As mentioned earlier, the number of viruses that has been demonstrated to control apoptosis induced by a p53-dependent mechanism has increased in the latest years, however not all the viruses induce p53 downregulation or block apoptosis induced by p53-dependent pathways. Some studies have demonstrated how some viruses induce an increase in p53 levels or activation of p53-regulated pathways. Thus, p53 activation by EBV LMP1, cytomegalovirus (CMV) IE84 or IE72, RSV fusion protein F or HIV-1 [104-107] and both upregulation and activation of p53 by KSHV viral cyclin [108] have been reported.

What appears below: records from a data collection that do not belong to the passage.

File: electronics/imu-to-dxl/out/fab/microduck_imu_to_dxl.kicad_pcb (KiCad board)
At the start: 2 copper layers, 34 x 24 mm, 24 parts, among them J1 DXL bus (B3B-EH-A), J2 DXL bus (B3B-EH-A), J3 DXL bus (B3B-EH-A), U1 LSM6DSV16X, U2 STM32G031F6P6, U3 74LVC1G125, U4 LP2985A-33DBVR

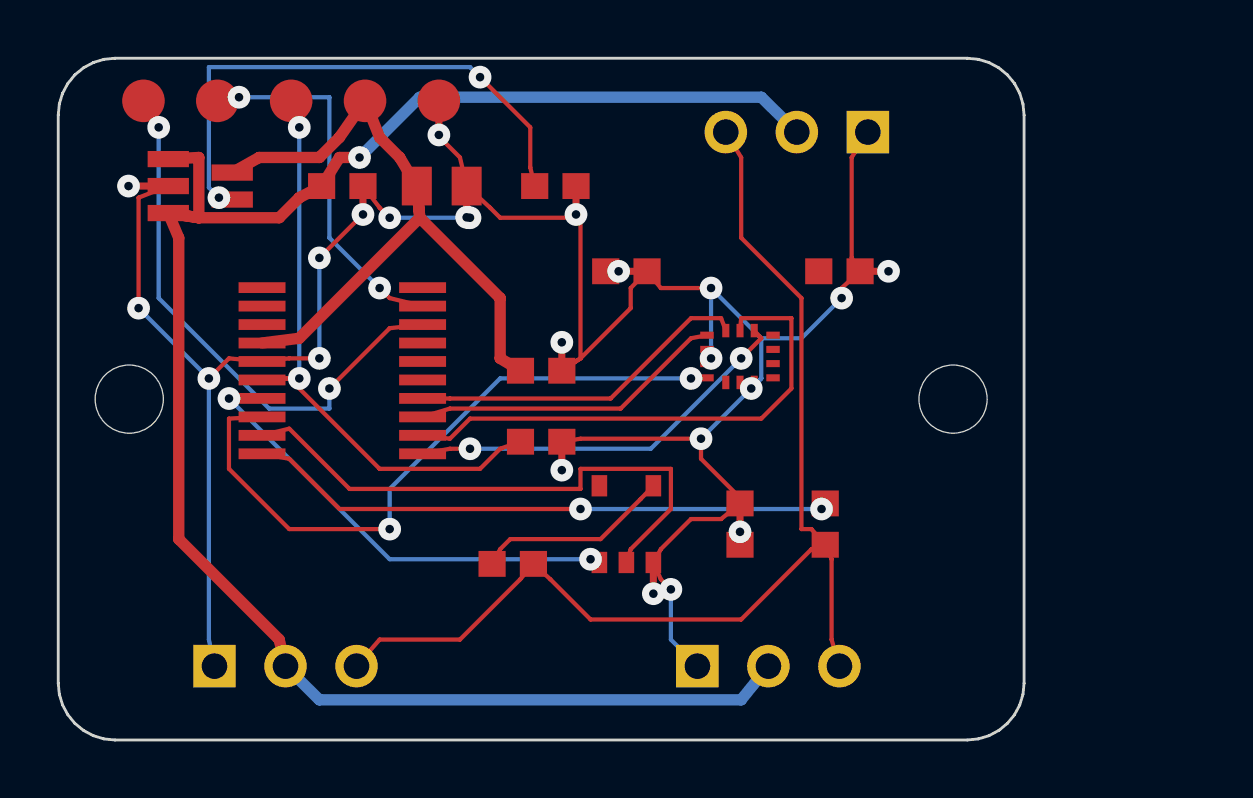
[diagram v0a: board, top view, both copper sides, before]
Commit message: lane D: imu_to_dxl routed 40/53 with three named open nets, and the stub trade-off is measured
Three runs on the same layout, same budgets, only the GND stub vias changing:
  10 stubs -> 43/53 routed, 7 FAIL (two 'hole-to-hole via GND / via GND' and a
              GND track 0.000 mm from U4.1)
   9 stubs -> 45/53 routed, 5 FAIL
   0 stubs -> 40/53 routed, 3 FAIL, every one of them 'unrouted'
The stubs buy routed connections and pay for them in fixed obstacles on a
40 x 22 mm board carrying 24 parts. The version shipped is the 0-stub one:
fewer rule violations and no clearance or hole-to-hole defects, only open
connections - GND 8, V3V3 5, IMU_INT1 1.

PCB-PACKAGE.html section 5.9 carries the table and says what would fix it:
more board, which costs nothing at either fab up to 100 x 100 mm, but which
would trade a routing failure for a fit risk because the trunk cavity is not
measured - only the site's neighbours are (E11).
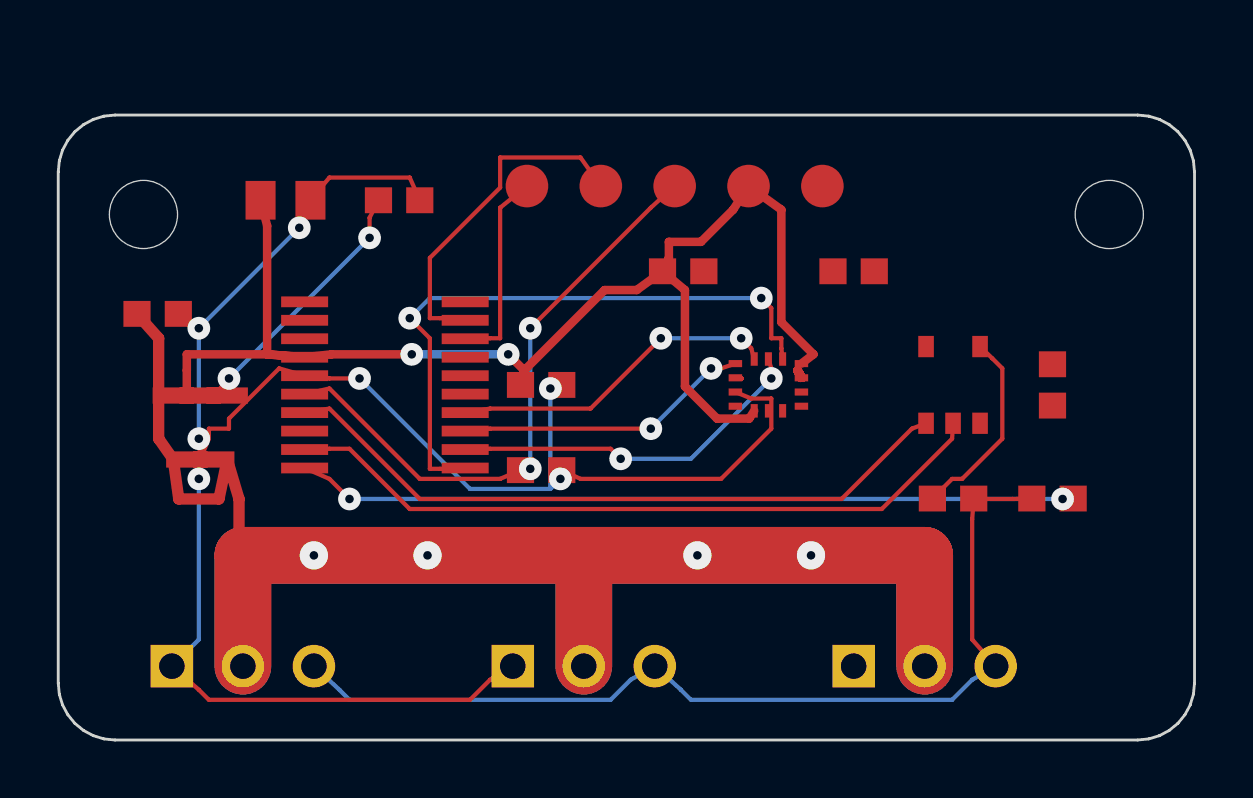
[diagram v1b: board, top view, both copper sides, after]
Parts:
- moved J3 19.3 mm to (30.5, -2.60), turned to 0 degrees
- moved R1 15.7 mm to (31.5, -8.50)
- moved TP2 13.8 mm to (19.1, -19.5)
- moved TP1 13.8 mm to (16.5, -19.5)
- moved TP3 13.8 mm to (21.7, -19.5)
- moved TP4 13.8 mm to (24.3, -19.5)
- moved TP5 13.8 mm to (26.9, -19.5)
- moved U3 12.5 mm to (31.5, -12.5)
- moved C7 12.0 mm to (35.0, -12.5)
- moved H2 8.51 mm to (37.0, -18.5)
- moved U4 8.50 mm to (5.00, -11.0), turned to 270 degrees
- moved R2 8.05 mm to (35.0, -8.50), turned to 0 degrees
- moved C1 7.91 mm to (3.50, -15.0)
- moved H1 6.52 mm to (3.00, -18.5)
- moved J2 6.50 mm to (18.5, -2.60)
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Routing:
- net V3V3: track 25.9 -> 94.9 mm, vias 0 -> 2
- net IMU_INT1: track 23.7 -> 0.00 mm, vias 2 -> 0
- net SERVO_V: track 64.3 -> 85.0 mm, vias 1 -> 4
- net GND: track 101.3 -> 121.0 mm, vias 23 -> 7
- net SWDIO: track 19.6 -> 7.04 mm, vias 2 -> 0
- net BYPASS: track 19.5 -> 9.20 mm
- net SPI_NSS: track 13.9 -> 22.2 mm
- net DIR: track 16.6 -> 24.3 mm, vias 2 -> 0
- net MCU_RX: track 20.7 -> 27.4 mm
- net dxl/DATA: track 40.4 -> 34.0 mm
- net SPI_SCK: track 18.4 -> 12.8 mm, vias 0 -> 2
- net MCU_TX: track 19.9 -> 25.2 mm
- net SWCLK: track 13.1 -> 12.0 mm, vias 2 -> 0
- net SPI_MISO: track 11.1 -> 10.4 mm, vias 0 -> 2
- net SPI_MOSI: track 12.1 -> 11.6 mm, vias 0 -> 2
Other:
- board size 34 x 24 mm -> 40 x 22 mm

p53 is a tumor suppressor gene which is found mutated or absent in more than 50% of human cancers [109]. In fact, due to the ability of p53 to respond in many ways to DNA damaging insults, this protein has been called ‘the guardian of the genome’ [110]. However, p53 is also present and functional in organisms whose life span precludes them from undergoing cancer-related diseases such as flies and worms [111,112]. Moreover, a recent body of work indicates that besides ‘classic’ p53 inducers such as DNA damage and oncogene expression, its function can be also promoted by hypoxia, nutrient deprivation and viral infection [4,113,114]. These findings, and the recently identified functions of p53 in both virus-induced apoptosis and upregulation of the type I IFN response, are summarized in Figure 1, and suggest, that p53 may act as a virus induced cellular stress sensor. The role of p53 in antiviral immunity may help to explain to some extent why this protein is so highly conserved in evolution.